The US company said yesterday that the inspectors from the Food & Drug Administration (FDA) found no problems at the Irish operation, one of Galway's major employers.
The plant is one of two Boston Scientific units producing the company's newest range of coronary stents, devices to keep the arteries open, which are used in angioplasty operations. Boston Scientific is the market leader in the coronary stent market.
Following reports of three deaths and 43 injuries related to malfunctioning stents, the company issued a limited product recall of 200 units in early July. This was later expanded significantly to 96,000 units.
The recalled stents were manufactured both in Galway and at the group's Minnesota factory.
Following a detailed examination of the recalled units, the company made adjustments to the manufacturing process.
Inspectors from the FDA visited arrived at the Galway plant last week. They spent a week examining the factory before departing on Tuesday.
In a statement yesterday, the company said the regulator had "reported no observations", effectively giving the company's operations the all-clear.
The FDA examined the company's Minnesota manufacturing line in July.

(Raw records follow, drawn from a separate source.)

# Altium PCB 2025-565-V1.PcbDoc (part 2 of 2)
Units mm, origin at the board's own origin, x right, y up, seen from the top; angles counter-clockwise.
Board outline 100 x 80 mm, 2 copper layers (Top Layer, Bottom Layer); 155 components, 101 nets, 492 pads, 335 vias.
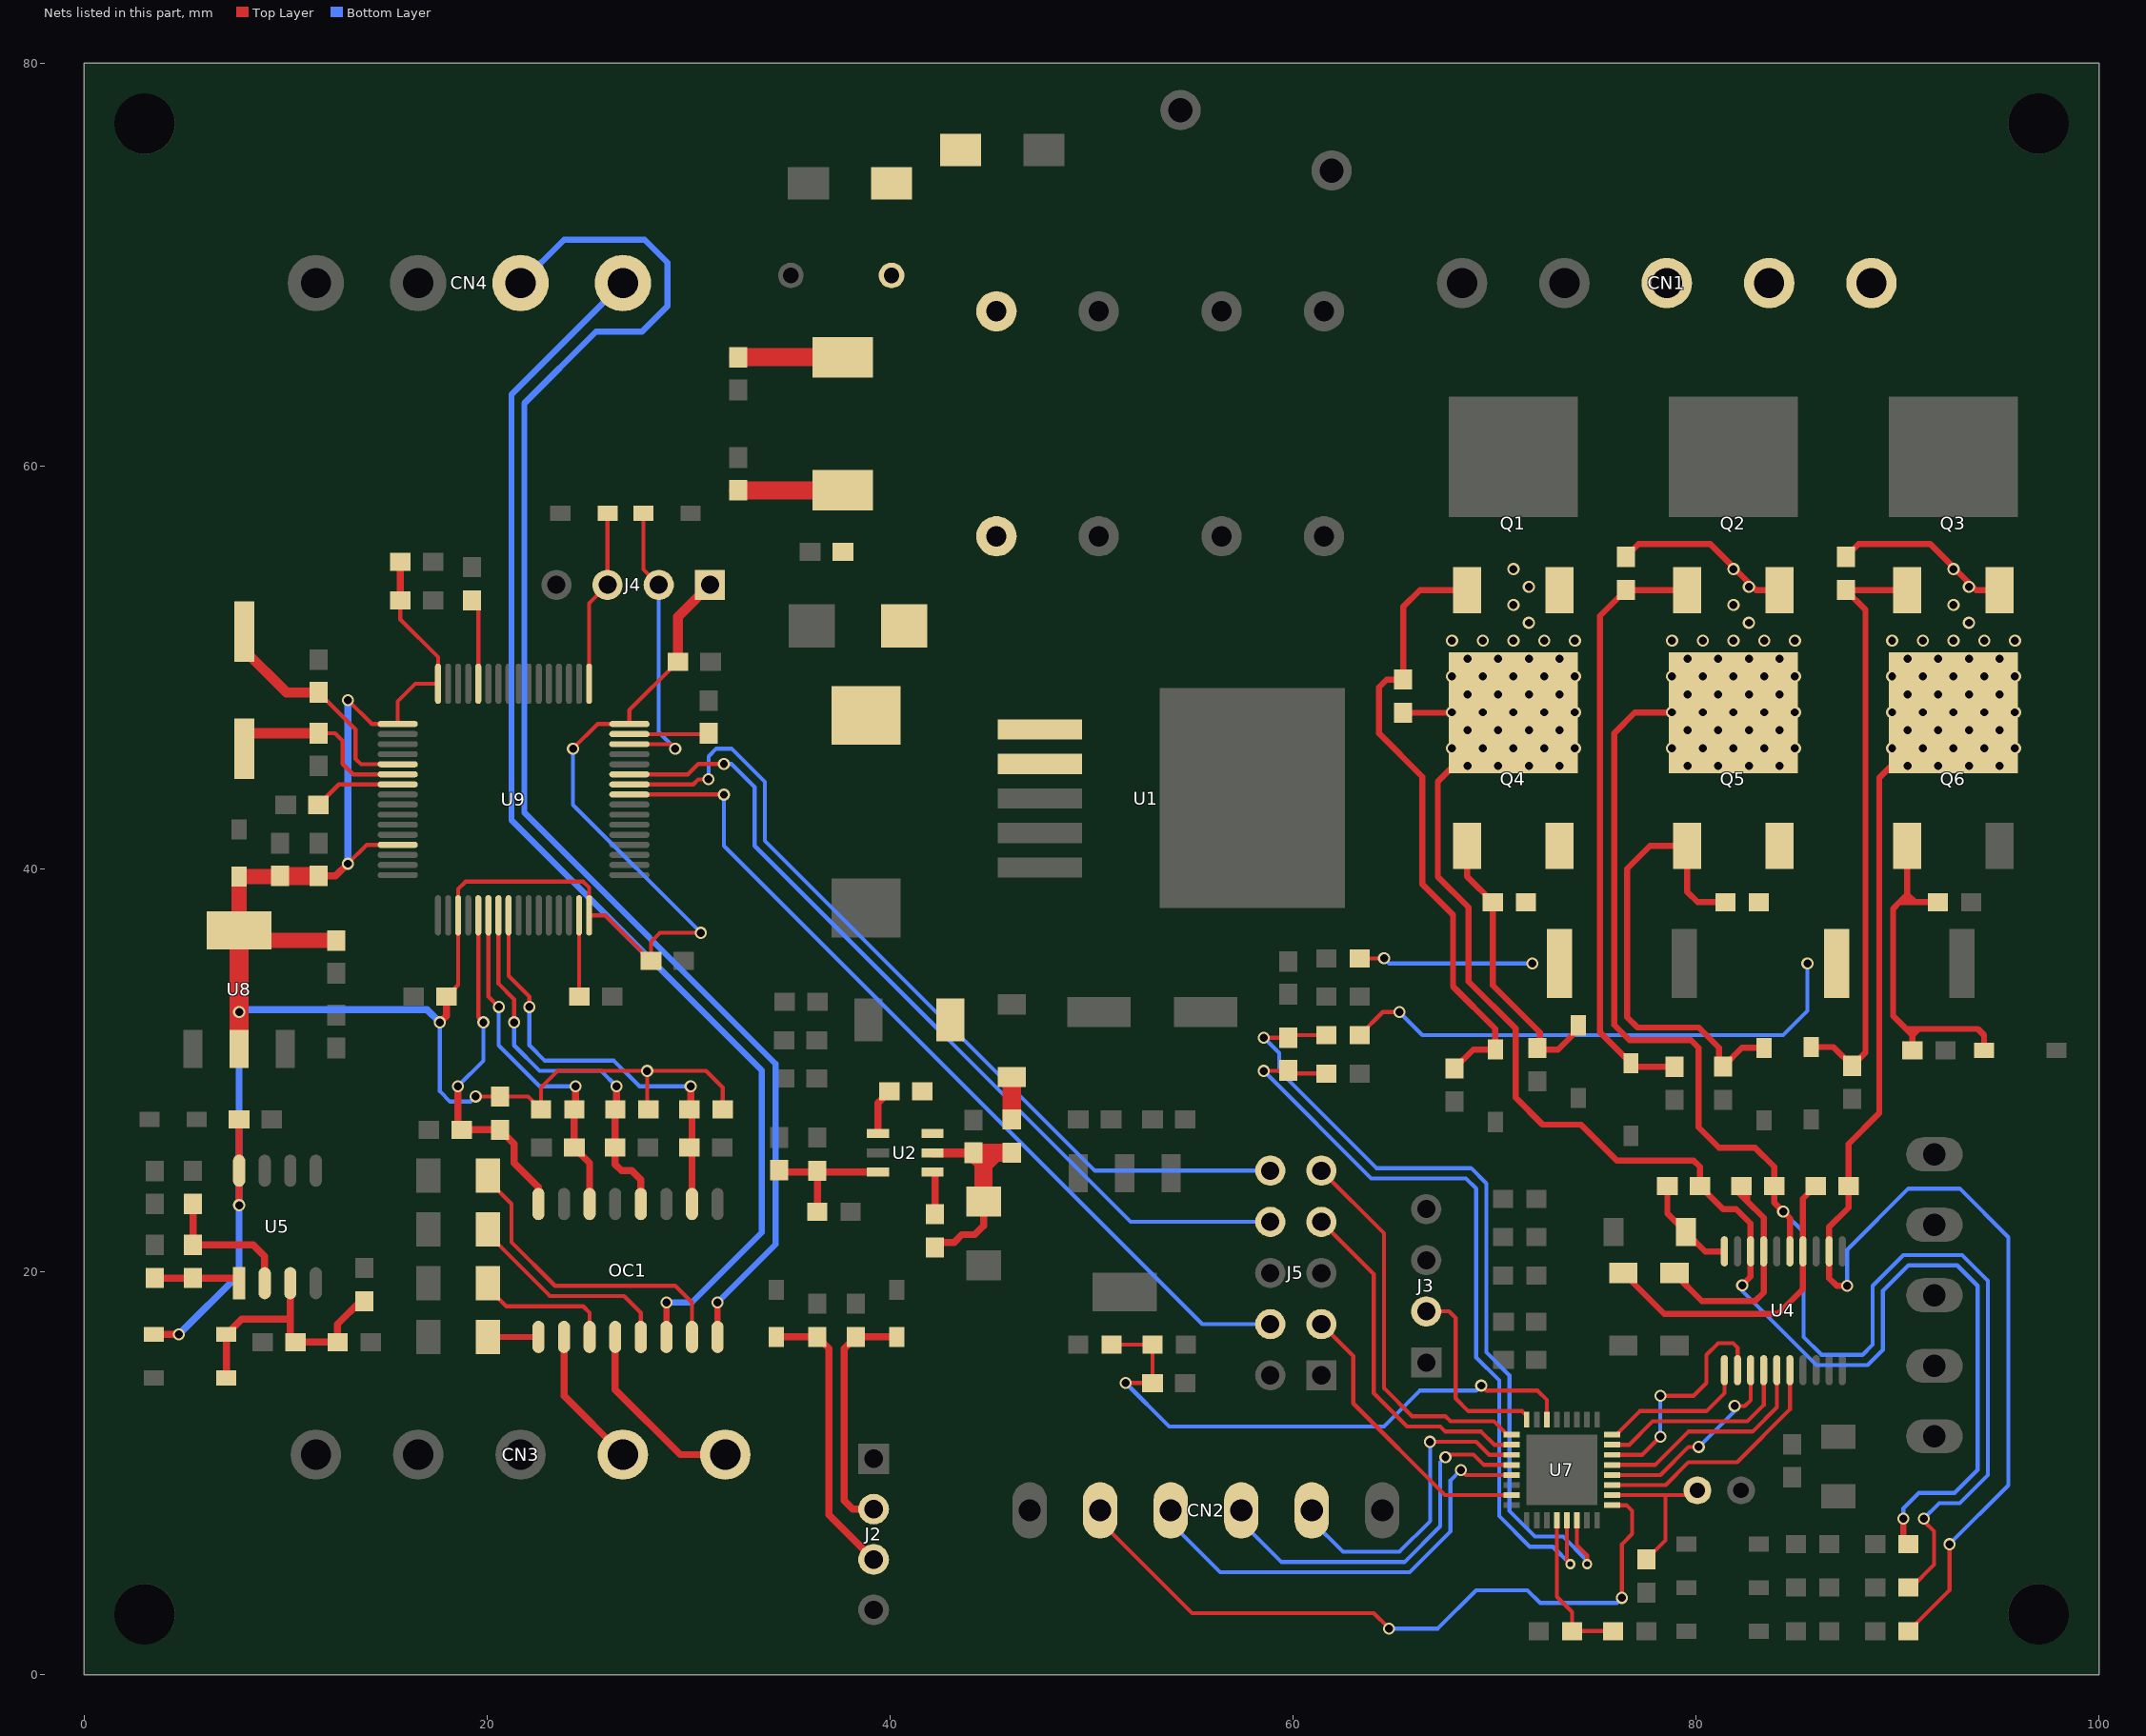
[diagram p2: the nets of this part, all layers, seen from the top]

## Via types
v1: diameter 0.6, hole 0.4, Top Layer to Bottom Layer, 170 vias
v2: diameter 0.6, hole 0.4, Top Layer to Bottom Layer, tented both sides, 146 vias
v3: diameter 0.8, hole 0.5, Top Layer to Bottom Layer, tented both sides, 9 vias
v4: diameter 0.5, hole 0.3, Top Layer to Bottom Layer, tented both sides, 7 vias
v5: diameter 1, hole 0.6, Top Layer to Bottom Layer, tented both sides, 3 vias

## Nets (pads, with @x,y where several pads share a name; then routed paths per layer and width w, separated by ;. In a path a pad name is that pad's centre, name@x,y a point inside that pad or via, vN(x,y) a via of type N, cw(c..) or ccw(c..) an arc to the next point about the centre after c; other vN are vias at no path point) (continued)
IR-VN: C29.1 R36.2 U7.21 | length 39.6
  Top Layer w0.2: v2(58.547,29.972) 59.73,29.972 C29.1@59.756,29.998 59.909,29.845 R36.2@61.662,29.845 ; U7.21@73.595,7.66 73.595,5.653 v4(73.762,5.486)
  Bottom Layer w0.2: v2(58.547,29.972) 63.881,24.638 68.58,24.638 69.088,24.13 69.088,15.748 70.231,14.605 70.231,7.874 71.755,6.35 72.898,6.35 v4(73.762,5.486)
IR-VP: C29.2 R31.2 U7.22 | length 41.9
  Top Layer w0.2: v2(58.547,31.623) C29.2@59.756,31.623 59.883,31.75 R31.2@61.662,31.75 ; U7.22@74.095,7.66 74.095,6.423 74.6,5.918 v4(74.6,5.486)
  Bottom Layer w0.2: v2(58.547,31.623) 59.309,30.861 59.309,29.972 64.135,25.146 68.834,25.146 69.596,24.384 69.596,16.002 70.739,14.859 70.739,8.128 72.009,6.858 73.406,6.858 74.6,5.664 v4(74.6,5.486)
M-TEMP: R3.1 RT2.1 U7.26 | length 7.9
  Top Layer w0.2: U7.26@75.845,8.91 78.486,8.91 ; R3.1@77.536,5.714 78.486,6.664 78.486,8.91 ; RT2.1@80.076,9.144 79.842,8.91 78.486,8.91
MCU3.3V: C27.1 C40.2 C41.2 C42.2 C44.2 C48.1 C49.1 C51.2 C52.1 D17.2 D27.2 J4.1 R48.2 R50.2 R53.2 R55.2 U5.8 U8.2 U8.4 U9.1 U9.13 U9.19 U9.32 U9.48 U9.64 | length 145.8
  Top Layer w0.2: v2(13.081,40.259) 14.018,41.196 U9.13@15.56,41.196 ; v2(13.081,48.387) 14.272,47.196 U9.1@15.56,47.196 15.56,48.326 16.43,49.196 U9.64@17.56,49.196 17.56,50.512 15.687,52.385 C42.2@15.687,53.34 ; C52.1@17.973,33.655 18.56,34.242 U9.19@18.56,37.696 18.56,39.007 18.923,39.37 24.765,39.37 25.06,39.075 U9.32@25.06,37.696 25.87,37.696 C51.2@28.133,35.433 28.133,36.388 28.575,36.83 v2(30.607,36.83) ; v2(19.431,28.702) R48.2@20.64,28.701 ; v2(24.257,45.974) 25.479,47.196 U9.48@27.06,47.196 27.06,47.888 C44.2@29.433,50.261 ; R53.2@28.005,28.067 27.94,28.132 v2(27.94,29.972) ; R55.2@31.688,28.067 31.688,29.145 30.861,29.972 v2(27.94,29.972) ; R48.2@20.64,28.701 R48.2@20.64,28.701 ; R48.2@20.64,28.701 22.039,28.701 R50.2@22.673,28.067 22.673,29.15 23.495,29.972 v2(27.94,29.972)
  Top Layer w0.35: D17.2@3.451,16.891 v2(4.699,16.891) ; v2(7.686,23.307) U5.8@7.686,25.019 C27.1@7.686,27.559 ; C48.1@11.623,39.65 12.472,39.65 v2(13.081,40.259) ; C42.2@15.687,53.34 C41.2@15.687,55.245 ; v2(17.653,32.385) 17.973,32.705 C52.1@17.973,33.655
  Top Layer w0.5: C44.2@29.464,50.292 29.464,52.512 J4.1@31.054,54.102
  Top Layer w0.75: C49.1@9.718,39.65 9.692,39.624 D27.2@7.686,39.624 U8.4@7.686,36.957 8.194,36.449 C40.2@12.512,36.449
  Top Layer w0.9: C49.1@9.718,39.65 C48.1@11.623,39.65
  Top Layer w0.95: U8.2@7.686,31.057 v2(7.686,32.893) U8.4@7.686,36.957
  Bottom Layer w0.2: v2(17.653,32.385) 17.653,28.956 18.161,28.448 19.177,28.448 v2(19.431,28.702) ; v2(24.257,45.974) 24.257,43.18 v2(30.607,36.83)
  Bottom Layer w0.35: v2(4.699,16.891) 7.686,19.878 v2(7.686,23.307) v2(7.686,32.893) 7.813,33.02 17.018,33.02 v2(17.653,32.385) ; v2(13.081,40.259) v2(13.081,48.387)
MO_U: C22.1 CN1.3 Q1.3 Q4.2 R15.2 R21.2 U4.18 | length 78.8
  Top Layer w0.3: R15.2@65.471,47.753 Q4.2@70.613,47.753 ; Q4.2@70.932,47.76 70.925,47.753 Q4.2@70.613,47.753 ; v2(82.296,19.329) 82.713,19.746 U4.18@82.713,21.013 82.713,22.392 81.991,23.114 81.346,23.114 C22.1@80.203,24.257 80.203,25.207 79.883,25.527 76.073,25.527 74.295,27.305 72.39,27.305 71.044,28.651 71.044,32.08 68.707,34.417 68.707,38.1 67.183,39.624 67.183,44.323 Q4.2@70.613,47.753 ; v2(90.297,7.747) 90.297,6.73 R21.2@90.55,6.477
  Bottom Layer w0.2: v2(82.296,19.329) 82.296,19.05 85.979,15.367 88.519,15.367 89.281,16.129 89.281,19.05 90.551,20.32 92.964,20.32 93.98,19.304 93.98,10.16 92.837,9.017 91.059,9.017 90.297,8.255 v2(90.297,7.747)
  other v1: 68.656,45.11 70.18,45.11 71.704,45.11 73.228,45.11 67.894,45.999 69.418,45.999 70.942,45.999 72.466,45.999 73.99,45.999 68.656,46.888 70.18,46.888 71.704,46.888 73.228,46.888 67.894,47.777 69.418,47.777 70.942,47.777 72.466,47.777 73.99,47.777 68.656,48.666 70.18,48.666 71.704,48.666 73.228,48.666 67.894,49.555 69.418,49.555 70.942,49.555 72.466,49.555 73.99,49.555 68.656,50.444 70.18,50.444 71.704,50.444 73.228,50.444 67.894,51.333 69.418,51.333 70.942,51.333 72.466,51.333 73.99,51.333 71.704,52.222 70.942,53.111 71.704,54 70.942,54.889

The Taxus stent, one of two involved in the recall, is Boston Scientific's biggest-selling product.
While the company lost market share in the wake of the recall, company officials said this week that it had regained that ground, with market share of 70 per cent at the end of August.
Boston Scientific said the recall cost it $78 million (€64 million). The company employs more than 2,500 people in Galway.
The medical device industry is increasingly important to Ireland, with 22,000 people employed in the sector. Of these, more than 8,000 people are involved in the manufacture of cardiovascular products.